Clinical Implications:

• Broad Protection: By focusing on the conserved HA stem, the H1ssF vaccine could address a range of influenza strains, including those not yet circulating in humans.
• Elderly and Vulnerable Populations: The vaccine’s design may enhance efficacy for populations that traditionally respond poorly to conventional vaccines, such as older adults.
• Pandemic Preparedness: Long-lasting immunity and broad coverage reduce the need for frequent reformulation, accelerating vaccine production during pandemics.
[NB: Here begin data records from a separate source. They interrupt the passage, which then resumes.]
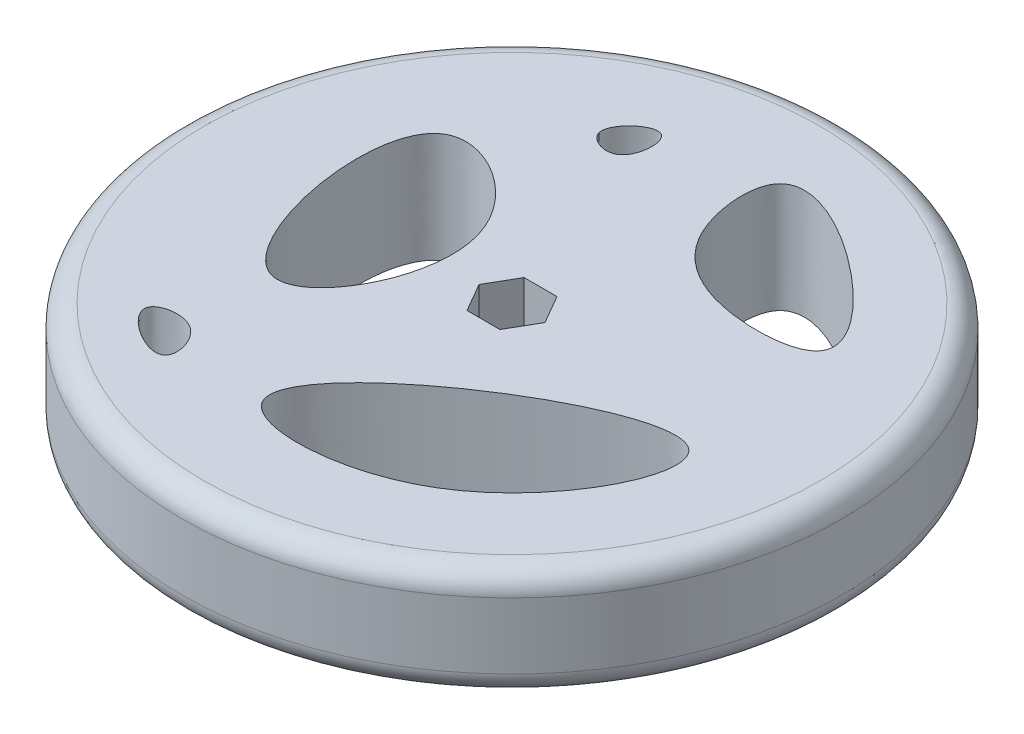
SolidWorks part; units mm, degrees
material "PVC 0.007 Plasticized"
ref_plane "Front Plane" through (0, 0, 0) normal (0, 0, 1) x (1, 0, 0)
ref_plane "Top Plane" through (0, 0, 0) normal (0, 1, 0) x (1, 0, 0)
ref_plane "Right Plane" through (0, 0, 0) normal (1, 0, 0) x (0, 0, -1)
sketch "Sketch1" plane through (0, 0, 0) normal (0, 1, 0) x (1, 0, 0)
  circle A0 centre (0, 0) radius 30
  dimension "D1" = 60
extrude "Boss-Extrude1" add sketch "Sketch1" along normal blind 10
sketch "Sketch2" plane through (0, 10, 0) normal (0, 1, 0) x (1, 0, 0)
  line L1 (1.5, -2.5981) -> (3, 0)
  line L2 (3, 0) -> (1.5, 2.5981)
  line L3 (1.5, 2.5981) -> (-1.5, 2.5981)
  line L4 (-1.5, 2.5981) -> (-3, 0)
  line L5 (-3, 0) -> (-1.5, -2.5981)
  line L6 (-1.5, -2.5981) -> (1.5, -2.5981)
  circle A0 centre (0, 0) radius 2.5981 construction
  dimension "D1" = 6
extrude "Cut-Extrude1" cut sketch "Sketch2" against normal blind 7
fillet "Fillet1" radius 2 2 edges at (0, 0, 30) (0, 10, 30)
sketch "Sketch3" plane through (0, 10, 0) normal (0, 1, 0) x (1, 0, 0)
  spline S0 degree 3 poles (-1.869, 4.5338) (-22.7357, 17.2377) (-15.2475, -19.7861) (-1.869, 4.5338) (-22.7357, 17.2377) (-15.2475, -19.7861) knots -1 -0.565977 -0.250715 0 0.434023 0.749285 1 1.434023 1.749285 2 only from (-16.3077, 10.3441) to (-16.3077, 10.3441)
  spline S1 degree 3 poles (-17.2463, -21.5511) (14.0402, -21.4406) (28.801, 8.4676) (-17.2463, -21.5511) (14.0402, -21.4406) (28.801, 8.4676) knots -1 -0.717102 -0.247808 0 0.282898 0.752192 1 1.282898 1.752192 2 only from (11.0301, -17.9966) to (11.0301, -17.9966)
  spline S2 degree 3 poles (2.0928, 13.2992) (1.4391, 24.8034) (12.8307, 19.2524) (21.3584, 9.1993) (8.3769, 8.4782) (2.0928, 13.2992) (1.4391, 24.8034) (12.8307, 19.2524) knots -0.539614 -0.359153 -0.135143 0 0.242585 0.460386 0.640847 0.864857 1 1.242585 1.460386 1.640847 only from (2.5332, 21.3742) to (2.5332, 21.3742)
  spline S3 degree 3 poles (-5.5141, 22.4742) (-11.3607, 17.374) (-5.9438, 15.33) (-5.5141, 22.4742) (-11.3607, 17.374) (-5.9438, 15.33) knots -1 -0.743866 -0.387891 0 0.256134 0.612109 1 1.256134 1.612109 2 only from (-9.4996, 17.416) to (-9.4996, 17.416)
  spline S4 degree 3 poles (-12.0859, -15.2923) (-19.1296, -16.6932) (-10.2759, -22.4102) (-12.0859, -15.2923) (-19.1296, -16.6932) (-10.2759, -22.4102) knots -1 -0.566164 -0.2774 0 0.433836 0.7226 1 1.433836 1.7226 2 only from (-16.3077, -16.941) to (-16.3077, -16.941)
extrude "Cut-Extrude2" cut sketch "Sketch3" against normal up to surface (10 mm away) up to face at (0, 0, 28)

Fig. 1. Study CONSORT diagram

Conclusion

The H1ssF vaccine trial results mark a significant advancement in influenza prevention. Its novel nanoparticle design, safety, and efficacy lay the groundwork for broader applications in public health, including pandemic preparedness. While additional trials are required to validate these findings, the H1ssF vaccine holds promise for revolutionizing influenza vaccine strategies and improving global health outcomes.

Reference

Widge, Alicia T., et al. “An Influenza Hemagglutinin Stem Nanoparticle Vaccine Induces Cross-Group 1 Neutralizing Antibodies in Healthy Adults.” Science Translational Medicine, vol. 15, no. 692, 19 Apr. 2023, eade4790. doi:10.1126/scitranslmed.ade4790.